How are DNA sequences read now? Since then, tremendous progress has been made in this direction, and it is based on the Sanger breakout. A DNA sequence is a colossal length of text written with just four "letters" - four chemical compounds: adenine (A), thymine (T), guanine (G), and cytosine (C). In every cell we have a genome that consists of three billion nucleotides, three billion of these "letters".

First of all, DNA is cut into fragments using special enzymes called restriction enzymes. Restriction endonucleases recognize short DNA sequences containing approximately 6 to 8 nucleotides, and only at this point are the DNA double helix cut in a certain way. The discovery of these "scissors" was another breakthrough in the early 1970s.

After cutting the DNA, the task comes down to determining the sequence of a short piece - it can contain a hundred or several hundred links. And here the Senger method is used.

To the resulting fragment of the molecule, special adapters are added from both ends, because the restriction enzyme leaves uneven ends. The adapter has a certain sequence, which we choose ourselves, since it is synthetic. After adding the adapter, each fragment will receive certain - known - sequences at the ends.
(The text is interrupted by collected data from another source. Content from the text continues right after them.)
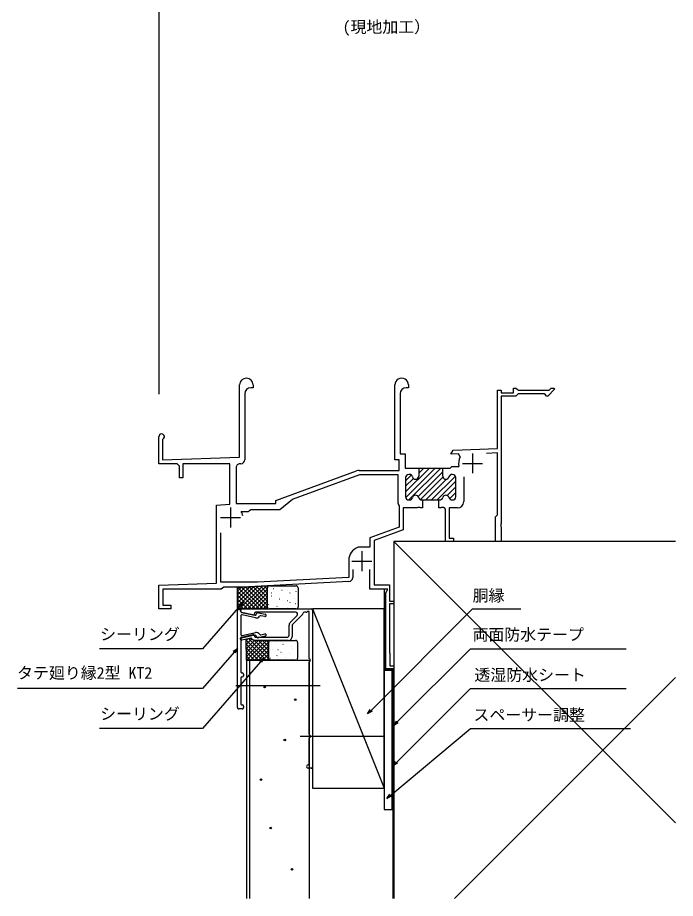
# Model space of a CAD drawing. Units: millimetres, scale not verified. Extents: x -525 to 525, y -784 to 779.
# Drawn here: x -175.9 to 154.5, y -123 to 319.7 of the extents above; entities that cross this region are included whole.
import ezdxf
from ezdxf.enums import TextEntityAlignment as Align

# ---------------------------------------------------------------- set-up
doc = ezdxf.new("R2010")
doc.units = ezdxf.units.MM
doc.header["$LTSCALE"] = 4
for name, color, linetype in [('0-2_YKK_11', 7, 'Continuous'), ('0-3_YKK_12', 2, 'Continuous'), ('0-4_YKK_13', 4, 'Continuous'), ('0-5_YKK_D', 6, 'Continuous'), ('0-7_YSS_K', 3, 'Continuous')]:
    doc.layers.add(name, color=color, linetype=linetype)
doc.styles.add('ＭＳ ゴシック', font='')
doc.styles.get('ＭＳ ゴシック').set_extended_font_data('MS Gothic')

msp = doc.modelspace()

# ---------------------------------------------------------------- linework, layer by layer
at = {"layer": '0-2_YKK_11'}
for p, q in [((-61.8, 130.705), (-61.8, 97.504)), ((46.414, 98.983), (45.495, 100.45)), ((52.6, 100.705), (52.6, 90.705)), ((-63.802, 95.505), (-64.2, 95.505)), ((30.978, 93.312), (19, 81.334)), ((33.807, 93.312), (19.042, 78.547)), ((20.635, 77.312), (36.635, 93.312)), ((25.322, 93.312), (25.262, 93.252)), ((28.15, 93.312), (25.6, 90.762)), ((25.6, 93.312), (37.6, 93.312)), ((47.6, 95.705), (57.6, 95.705)), ((21.827, 89.817), (19, 86.99)), ((20.902, 90.112), (20.6, 90.112)), ((37.6, 91.448), (25.256, 79.104)), ((37.71, 88.73), (26.436, 77.456)), ((43.972, 89.335), (31.949, 77.312)), ((41.859, 90.051), (40.76, 88.951)), ((42.6, 90.112), (42.298, 90.112)), ((48.2, 88.941), (48.2, 76.512)), ((19, 88.512), (19, 78.912)), ((22.946, 88.108), (19, 84.162)), ((39.562, 87.754), (29.121, 77.312)), ((44.2, 86.735), (34.777, 77.312)), ((44.2, 78.912), (44.2, 88.512)), ((44.2, 83.906), (39.862, 79.569)), ((44.2, 81.078), (41.043, 77.92)), ((20.6, 77.312), (20.902, 77.312)), ((27.5, 77.312), (35.7, 77.312)), ((42.298, 77.312), (42.6, 77.312)), ((-69, 73.505), (-69, 63.505)), ((-74, 68.505), (-64, 68.505)), ((64.2, 68.905), (64.8, 69.505)), ((66.76, 65.054), (66.76, 63.955)), ((66.76, 63.955), (67, 63.588)), ((-3, 51.505), (-3, 41.505)), ((-8, 46.505), (2, 46.505)), ((-7.6, 42.305), (-7.6, 38.307)), ((-9.495, 36.309), (-63.016, 33.505)), ((-64.868, 22.339), (-64.468, 22.339)), ((-63.4, 22.505), (-28.4, 22.505)), ((-65.468, -27.061), (-65.468, 21.739)), ((-64, 21.386), (-64, 21.905)), ((-63.868, 21.739), (-63.868, 21.395)), ((-63.868, 18.928), (-63.868, 9.75)), ((-57.729, 19.519), (-63.529, 20.801)), ((-63.397, 20.809), (-56.8, 19.351)), ((-56.452, 18.036), (-63.138, 19.514)), ((-57, 20.305), (-57, 20.105)), ((-36.277, 20.905), (-56.4, 20.905)), ((-54.881, 20.622), (-51.541, 19.883)), ((-51.8, 18.702), (-53.73, 19.128)), ((-39.014, 15.753), (-35.57, 19.197)), ((-32.986, 19.519), (-37.824, 14.68)), ((-31.014, 20.905), (-31.877, 20.905)), ((-30.3, 21.224), (-30.714, 20.985)), ((-27.8, 21.905), (-27.8, -56.895)), ((-39.6, 9.305), (-39.6, 14.339)), ((-38, 14.256), (-38, 8.705)), ((-63.529, 8.409), (-57.729, 9.69)), ((-56.8, 9.326), (-63.397, 7.868)), ((-63.138, 9.164), (-56.452, 10.642)), ((-57, 9.105), (-57, 8.905)), ((-53.73, 9.549), (-51.8, 9.976)), ((-64, 7.413), (-64, 7.823)), ((-63.868, 7.282), (-63.868, -9.061)), ((-58.861, 7.802), (-63.27, 6.827)), ((-40, 6.705), (-56.6, 6.705)), ((-56.4, 8.305), (-40.6, 8.305)), ((-51.541, 8.794), (-54.881, 8.056)), ((-63.868, -12.261), (-63.868, -25.061)), ((-63.268, -9.661), (-63.068, -9.661)), ((-63.068, -11.661), (-63.268, -11.661)), ((-62.468, -10.261), (-62.468, -11.061)), ((-63.268, -25.661), (-63.068, -25.661)), ((-62.468, -26.261), (-62.468, -27.061)), ((-63.068, -27.661), (-64.868, -27.661)), ((-29.4, -55.295), (-29.4, -42.535)), ((-28.4, -57.495), (-30, -57.495))]:
    msp.add_line(p, q, dxfattribs=at)
for points in [[(-103.2, 107.763), (-103.2, 97.505), (-64.4, 98.859), (-64.4, 135.105)], [(-57.6, 135.105), (-57.6, 133.705), (-58.8, 133.705)], [(-4.282, 92.105), (15.802, 92.105), (15.802, 97.505), (13.6, 97.505), (13.6, 135.105)], [(20.4, 135.105), (20.4, 133.705), (19.2, 133.705)], [(45.495, 100.45), (41.744, 100.319), (42.924, 102.361), (65.2, 103.139), (65.2, 132.505), (67, 132.505), (67, 131.105), (73.2, 131.105), (73.2, 133.505), (74.417, 133.505), (75.008, 133.005), (75.6, 132.505), (91.103, 132.505), (92.103, 133.505), (93.634, 133.505), (93.849, 132.987), (90.366, 129.505), (89.8, 129.505), (89.2, 130.105), (88.6, 130.705), (75.6, 130.705), (75, 130.105), (74.4, 129.505), (67, 129.505), (67, 65.421), (66.76, 65.054)], [(16.2, 130.705), (16.2, 100.505), (18.802, 100.505), (18.802, 93.312), (25.6, 93.312), (25.6, 89.312)], [(-63.016, 33.505), (-72.417, 33.505), (-73.008, 33.005), (-73.6, 32.505), (-103, 32.505), (-103, 24.505), (-99, 24.505), (-99, 22.505), (-105, 22.505), (-105, 34.505), (-76, 35.517), (-76, 74.655), (-69.4, 75.232), (-69.4, 95.505), (-93, 95.505), (-93, 88.505), (-94.6, 88.505), (-94.6, 94.305), (-95.8, 95.505), (-105, 95.505), (-105, 109.105)], [(64.8, 69.505), (65.2, 69.905), (65.2, 100.933), (59.549, 100.736)], [(-66.2, 93.504), (-66.2, 75.505), (-46.2, 75.505), (-46.2, 77.105), (-5.65, 91.863)], [(37.6, 89.312), (37.6, 93.312), (41.408, 93.312), (42.2, 94.105), (45.786, 94.105)], [(-63.574, 71.505), (-59.983, 71.505), (-59.392, 72.005), (-58.8, 72.505), (-44.2, 72.505), (-37.914, 77.779), (-4.05, 90.105), (15, 90.105), (15, 76.512)], [(27.098, 77.312), (27.5, 77.312), (27.5, 73.312), (26.517, 73.312), (26.15, 73.552)], [(38.15, 73.552), (37.05, 73.552), (36.683, 73.312), (35.7, 73.312), (35.7, 77.312), (36.102, 77.312)], [(15.8, 74.395), (15.8, 63.705), (1, 58.318), (1, 53.505), (-4.932, 53.505)], [(26.15, 73.552), (25.05, 73.552), (24.683, 73.312), (17.8, 73.312), (17.8, 62.305), (3.2, 56.991), (3.2, 34.705), (10.8, 34.705), (10.8, 26.505), (13, 26.505), (13, 25.105), (10.8, 25.105), (10.8, 0.505), (11, 0.305), (11, -6.095), (13, -6.095), (13, -7.495), (9, -7.495), (9, 30.703), (10.04, 32.505), (1, 32.505), (1, 42.305)], [(45, 73.312), (40.8, 73.312), (40.8, 58.105), (43, 58.105), (43, 56.505), (39, 56.505), (39, 72.719), (38.47, 73.315), (38.15, 73.552)], [(67, 63.588), (67, 56.505), (64.2, 56.505), (64.2, 68.905)], [(-55.436, 35.905), (-73.8, 35.905), (-73.8, 60.797)], [(-9.6, 46.905), (-9.6, 38.307), (-55.436, 35.905)], [(-29.16, -2.746), (-29.4, -2.379), (-29.4, 20.705)], [(-29.4, -40.456), (-29.4, -4.212), (-29.16, -3.845)]]:
    msp.add_lwpolyline(points, dxfattribs=at)
for centre, radius, start, end in [((-61, 135.105), 3.4, 0, 179.99996), ((17, 135.105), 3.4, 0, 180.00002), ((-58.8, 130.705), 3, 89.99998, 179.99996), ((19.2, 130.705), 3, 89.99998, 179.99996), ((-103.6, 109.105), 1.4, 286.60157, 180.00002), ((-63.802, 97.505), 2, 270, 359.99998), ((52.6, 95.707), 7, 152.09554, 193.23019), ((-64.2, 93.505), 2, 89.99998, 180.00002), ((-4.282, 88.105), 4, 89.99998, 109.99993), ((20.6, 88.512), 1.6, 89.99998, 180.00002), ((20.902, 88.512), 1.6, 14.4775, 89.99998), ((24, 89.312), 1.6, 194.47752, 270), ((24, 89.312), 1.6, 270, 0), ((39.2, 89.312), 1.6, 180.00002, 270), ((39.2, 89.312), 1.6, 270, 345.52248), ((42.298, 88.512), 1.6, 89.99998, 165.52246), ((42.6, 88.512), 1.6, 0, 89.99998), ((24, 78.112), 1.6, 89.99998, 165.52246), ((24, 78.112), 1.6, 14.4775, 89.99998), ((39.2, 78.112), 1.6, 89.99998, 165.52246), ((39.2, 78.112), 1.6, 14.4775, 89.99998), ((18.2, 76.512), 3.2, 180.00002, 221.40963), ((20.6, 78.912), 1.6, 180.00002, 270), ((20.902, 78.912), 1.6, 270, 345.52248), ((27.098, 78.912), 1.6, 194.47752, 270), ((36.102, 78.912), 1.6, 270, 345.52248), ((42.298, 78.912), 1.6, 194.47752, 270), ((42.6, 78.912), 1.6, 270, 0), ((45, 76.512), 3.2, 270, 0), ((-69, 68.505), 6.2, 7.35769, 28.93855), ((-2.6, 46.905), 7, 109.46296, 180.00002), ((-9.6, 38.307), 2, 273.00001, 0), ((-64.868, 21.739), 0.6, 90, 180), ((-64.468, 21.739), 0.6, 0, 90), ((-63.4, 21.905), 0.6, 89.99566, 179.99858), ((-28.4, 21.905), 0.6, 0.00003, 90.00003), ((-63.4, 21.386), 0.6, 179.99952, 257.53677), ((-63.268, 21.395), 0.6, 180, 257.53728), ((-63.268, 18.928), 0.6, 77.53728, 180), ((-57.6, 20.105), 0.6, 257.53753, 359.99932), ((-56.4, 20.305), 0.6, 89.99566, 179.99566), ((-56.67, 19.937), 0.6, 257.53725, 349.48092), ((-56.02, 19.989), 2, 257.53728, 326.20735), ((-55.097, 19.645), 1, 77.53728, 169.48092), ((-53.859, 18.543), 0.6, 77.53728, 146.20735), ((-51.67, 19.288), 0.6, 257.53728, 0.46089), ((-51.67, 19.297), 0.6, 359.53911, 77.53728), ((-36.277, 19.905), 1, 315.00003, 90.00003), ((-34.4, 20.933), 2, 315.00003, 346.01353), ((-31.877, 20.305), 0.6, 90.00003, 166.01353), ((-31.014, 21.505), 0.6, 270.00112, 300.00112), ((-30, 20.705), 0.6, 0.00003, 120.00003), ((-37.6, 14.339), 2, 135.00003, 180.00003), ((-37.4, 14.256), 0.6, 135.00003, 180.00003), ((-63.268, 9.75), 0.6, 180, 282.46272), ((-57.6, 9.105), 0.6, 359.99853, 102.46128), ((-56.4, 8.905), 0.6, 179.99712, 270.00003), ((-56.67, 8.741), 0.6, 10.51853, 102.46272), ((-56.02, 8.689), 2, 33.79265, 102.46272), ((-53.859, 10.135), 0.6, 213.79265, 282.46272), ((-51.67, 9.39), 0.6, 359.53911, 102.46272), ((-51.67, 9.38), 0.6, 282.46272, 0.46089), ((-40.6, 9.305), 1, 270.00003, 0.00003), ((-63.4, 7.823), 0.6, 102.45892, 179.99839), ((-63.4, 7.413), 0.6, 180.00003, 282.46275), ((-63.268, 7.282), 0.6, 102.46272, 180), ((-58.732, 7.216), 0.6, 34.92961, 102.46275), ((-56.6, 8.705), 2, 214.92961, 270.00003), ((-55.097, 9.033), 1, 190.51853, 282.46272), ((-40, 8.705), 2, 270.00003, 0.00003), ((-29.4, -3.295), 0.6, 293.57821, 66.42185), ((-63.268, -9.061), 0.6, 179.99709, 270), ((-63.268, -12.261), 0.6, 89.99709, 179.99709), ((-63.068, -10.261), 0.6, 360, 90), ((-63.068, -11.061), 0.6, 270.00437, 0.00437), ((-63.268, -25.061), 0.6, 179.99709, 270), ((-63.068, -26.261), 0.6, 0, 90), ((-64.868, -27.061), 0.6, 179.99854, 270.00437), ((-63.068, -27.061), 0.6, 270.00146, 0.00437), ((-28.8, -40.456), 0.6, 180.00003, 240.00003), ((-28.8, -42.535), 0.6, 119.99772, 180.00003), ((-29.4, -41.495), 0.6, 299.99772, 60.00003), ((-30, -56.695), 0.8, 89.99826, 270.00044), ((-30, -55.295), 0.6, 270.00149, 0.00149), ((-28.4, -56.895), 0.6, 270.00149, 0.0044)]:
    msp.add_arc(centre, radius, start, end, dxfattribs=at)
at = {"layer": '0-3_YKK_12'}
for p, q in [((-105, 322.5), (-105, 130.505)), ((-66.234, -15.972), (-24.012, -15.959)), ((-34.034, -41.497), (8.188, -41.484))]:
    msp.add_line(p, q, dxfattribs=at)
at = {"layer": '0-4_YKK_13'}
for p, q in [((-61, -3.295), (-61, -122.95)), ((-61, -3.295), (-29.4, -3.295)), ((-59.4, -3.295), (-59.4, -122.95)), ((-29.4, -3.295), (-29.4, -122.95))]:
    msp.add_line(p, q, dxfattribs=at)
for centre in [(-51.83, -16.751), (-36.437, -23.043), (-41.718, -43.377), (-53.683, -63.233), (-48.808, -87.605), (-38.104, -108.339)]:
    msp.add_circle(centre, 0.4, dxfattribs=at)
at = {"layer": '0-5_YKK_D'}
for points in [[(-62.328, 26.333), (-64.001, 24.408), (-83.042, 2.505), (-134.76, 2.505)], [(-64.517, 24.857), (-62.328, 26.333), (-63.485, 23.96)], [(-0.122, -30.241), (1.682, -28.438), (52.624, 22.505), (76.871, 22.505)], [(-65.468, 2.721), (-67.141, 0.796), (-83.042, -17.495), (-175.935, -17.495)], [(-67.656, 1.245), (-65.468, 2.721), (-66.625, 0.348)], [(13, -35.985), (14.803, -34.182), (51.49, 2.505), (129.852, 2.505)], [(-52.237, -2.059), (-53.91, -3.983), (-83.042, -37.495), (-134.76, -37.495)], [(-54.425, -3.535), (-52.237, -2.059), (-53.394, -4.431)], [(12.6, -56.385), (14.403, -54.582), (51.49, -17.495), (129.852, -17.495)], [(2.165, -28.922), (-0.122, -30.241), (1.198, -27.955)], [(15.286, -34.665), (13, -35.985), (14.32, -33.699)], [(9.519, -72.713), (11.472, -71.074), (51.49, -37.495), (131.954, -37.495)], [(14.886, -55.065), (12.6, -56.385), (13.92, -54.099)], [(11.911, -71.597), (9.519, -72.713), (11.033, -70.551)]]:
    msp.add_lwpolyline(points, dxfattribs=at)
at = {"layer": '0-7_YSS_K'}
for p, q in [((13, 56.505), (154.496, -84.992)), ((-65.467, 33.537), (-65.5, 33.505)), ((-65.468, 23.537), (-55.084, 33.92)), ((-65.467, 25.537), (-57.195, 33.81)), ((-65.467, 27.537), (-59.305, 33.699)), ((-65.467, 29.537), (-61.416, 33.588)), ((-65.467, 31.537), (-63.5, 33.505)), ((-54.5, 22.505), (-65.467, 33.472)), ((-56.5, 22.505), (-65.467, 31.472)), ((-64.5, 22.505), (-52.973, 34.031)), ((-52.5, 22.505), (-63.5, 33.505)), ((-62.5, 22.505), (-50.863, 34.141)), ((-50.5, 22.505), (-61.575, 33.58)), ((-60.5, 22.505), (-50.528, 32.476)), ((-50.505, 24.51), (-59.675, 33.68)), ((-50.511, 26.516), (-57.774, 33.779)), ((-50.517, 28.522), (-55.874, 33.879)), ((-50.523, 30.528), (-53.974, 33.978)), ((-50.528, 32.533), (-52.073, 34.078)), ((-50.454, 23.505), (-50.454, 33.163)), ((-49.454, 34.163), (-36.038, 34.163)), ((-47.356, 32.838), (-47.268, 32.886)), ((-43.203, 31.974), (-43.115, 32.022)), ((-40.258, 31.603), (-40.245, 31.618)), ((-36.037, 31.233), (-35.944, 31.41)), ((-35.038, 33.163), (-35.038, 23.505)), ((-58.5, 22.505), (-65.467, 29.472)), ((-60.5, 22.505), (-65.467, 27.472)), ((-58.5, 22.505), (-50.522, 30.482)), ((-56.5, 22.505), (-50.517, 28.487)), ((-48.539, 29.059), (-48.451, 29.107)), ((-48.314, 30.638), (-48.301, 30.653)), ((-44.489, 27.591), (-44.401, 27.638)), ((-44.208, 27.194), (-44.195, 27.209)), ((-40.336, 26.726), (-40.248, 26.774)), ((-39.153, 30.505), (-39.066, 30.553)), ((-36.687, 27.564), (-36.673, 27.579)), ((-64.5, 22.505), (-65.468, 23.473)), ((-62.5, 22.505), (-65.467, 25.472)), ((-54.5, 22.505), (-50.511, 26.493)), ((-52.5, 22.505), (-50.505, 24.499)), ((-49.825, 24.676), (-49.737, 24.724)), ((-36.038, 22.505), (-49.454, 22.505)), ((-45.672, 23.811), (-45.584, 23.859)), ((-40.57, 23.228), (-40.556, 23.243)), ((-39.051, 25.53), (-38.957, 25.707)), ((-36.286, 25.257), (-36.199, 25.305)), ((-27.8, 22.505), (8.2, -67.495)), ((-61.062, 6.643), (-60.205, 7.499)), ((-51, -3.295), (-61.062, 6.767)), ((-53, -3.295), (-61.05, 4.755)), ((-61.049, 4.655), (-58.245, 7.459)), ((-61.037, 2.668), (-56.794, 6.91)), ((-61.025, 0.68), (-54.85, 6.854)), ((-61.012, -1.308), (-52.906, 6.798)), ((-61, -3.295), (-50.962, 6.743)), ((-49.928, -2.367), (-59.867, 7.572)), ((-59, -3.295), (-49.928, 5.776)), ((-49.928, -0.367), (-57.218, 6.922)), ((-49.928, 1.633), (-55.158, 6.863)), ((-49.928, 3.633), (-53.099, 6.804)), ((-49.944, 5.649), (-51.04, 6.745)), ((-49.928, -2.295), (-49.928, 5.705)), ((-49.248, 5.513), (-49.235, 5.528)), ((-48.928, 6.705), (-36.28, 6.705)), ((-46.559, 6.017), (-46.472, 6.065)), ((-42.657, 4.719), (-42.564, 4.895)), ((-42.406, 5.152), (-42.319, 5.2)), ((-41.192, 6.478), (-41.179, 6.493)), ((-35.28, 5.705), (-35.28, -2.295)), ((-55, -3.295), (-61.037, 2.742)), ((-57, -3.295), (-61.025, 0.73)), ((-57, -3.295), (-49.928, 3.776)), ((-55, -3.295), (-49.928, 1.776)), ((-47.742, 2.237), (-47.654, 2.285)), ((-45.142, 2.069), (-45.129, 2.084)), ((-43.693, 0.769), (-43.605, 0.817)), ((-38.357, 3.684), (-38.269, 3.732)), ((-37.621, 2.439), (-37.607, 2.454)), ((-59, -3.295), (-61.012, -1.283)), ((-53, -3.295), (-49.928, -0.224)), ((-51, -3.295), (-49.964, -2.259)), ((-49.559, -2.862), (-49.546, -2.847)), ((-49.028, -2.146), (-48.94, -2.098)), ((-49, -3.295), (-48.967, -3.262)), ((-36.28, -3.295), (-48.928, -3.295)), ((-45.671, -0.984), (-45.577, -0.807)), ((-44.875, -3.011), (-44.787, -2.963)), ((-41.504, -1.897), (-41.49, -1.882)), ((-39.54, -0.096), (-39.452, -0.048)), ((-35.49, -1.564), (-35.402, -1.516)), ((12.6, -7.895), (12.6, -122.95)), ((154.496, -11.999), (43.546, -122.95))]:
    msp.add_line(p, q, dxfattribs=at)
for points in [[(154.496, 56.505), (13, 56.505), (13, -122.95)], [(8.2, 32.505), (8.2, -8.295), (12.2, -8.295), (12.2, -37.107)], [(12.6, -7.895), (8.6, -7.895), (8.6, 12.893)]]:
    msp.add_lwpolyline(points, dxfattribs=at)
for points in [[(-50.5, 22.505), (-65.468, 22.505), (-65.467, 33.505), (-63.016, 33.505), (-50.533, 34.159)], [(-27.8, -67.495), (8.2, -67.495), (8.2, 22.505), (-27.8, 22.505)], [(-61, -3.295), (-61.066, 7.314), (-58.732, 7.816), (-57.525, 6.931), (-49.635, 6.705), (-49.928, 5.705), (-49.928, -2.295), (-48.934, -3.295)], [(12.2, -78.295), (12.2, -8.295), (8.2, -8.295), (8.2, -78.295)]]:
    msp.add_lwpolyline(points, close=True, dxfattribs=at)
for centre, start, end in [((-49.454, 33.163), 90, 180), ((-36.038, 33.163), 0, 90), ((-49.454, 23.505), 180, 270), ((-36.038, 23.505), 270, 0), ((-48.928, 5.705), 90, 180), ((-36.28, 5.705), 0, 90), ((-48.928, -2.295), 180, 270), ((-36.28, -2.295), 270, 360)]:
    msp.add_arc(centre, 1, start, end, dxfattribs=at)

# ---------------------------------------------------------------- texts
at = {"layer": '0-5_YKK_D', "style": 'ＭＳ ゴシック'}
for s, p in [('(現地加工）', (-12.702, 310.377)), ('胴縁', (52.659, 24.608)), ('シーリング', (-134.484, 5.13)), ('両面防水テープ', (52.57, 4.953)), ('タテ廻り縁2型 KT2', (-176.222, -14.313)), ('透湿防水シート', (53.521, -15.347)), ('シーリング', (-134.484, -34.87)), ('スペーサー調整', (53.059, -35.392))]:
    msp.add_text(s, height=5.865, dxfattribs=at).set_placement(p, align=Align.BOTTOM_LEFT)

doc.saveas('drawing.dxf')

We can use these sequences in order to add synthetic primers (nucleic acid fragments) to a fragment of a molecule, starting from which a complementary strand will be synthesized according to the available DNA sequence.

Senger's idea was that in the process of such synthesis, it is necessary to add to the mixture of normal precursors of nucleotides, called nucleoside triphosphates, specially modified nucleoside triphosphates that cannot be extended.

As a result, the synthesis stops at the place of this or that "letter". Thus, we get molecules with a set of lengths, which tells us exactly where this or that "letter" is embedded. And then it only remains to separate these molecules by length, which is done using gel electrophoresis.

A special gel is being prepared, that is, a polymer mesh, to which a constant electric field is applied. Under the influence of an electric field, negatively charged DNA molecules crawl through the polymer network. And the longer the molecule, the slower it moves in the gel. This allows us to divide a mixture of molecules according to their lengths, and where there is the nucleotide that we are currently studying, we will see the stop of synthesis, that is, the lengths of the fragments when we divide them according to the length corresponding to the number of these nucleotides.

This wonderful, ingenious method, thanks to which we were able to sequence the human genome, was invented by Senger. The first human genome was read at the very beginning of our century. Then it cost about three billion dollars. Then the method was modified, robotic, and today the sequence determination procedure costs incomparably less. The price is close to $ 1000 for decoding the DNA of a specific person.

The absolutely fantastic development of DNA sequencing methods has created incredible progress both in the field of understanding the molecular nature of life, and in the field of biotechnological and medical applications.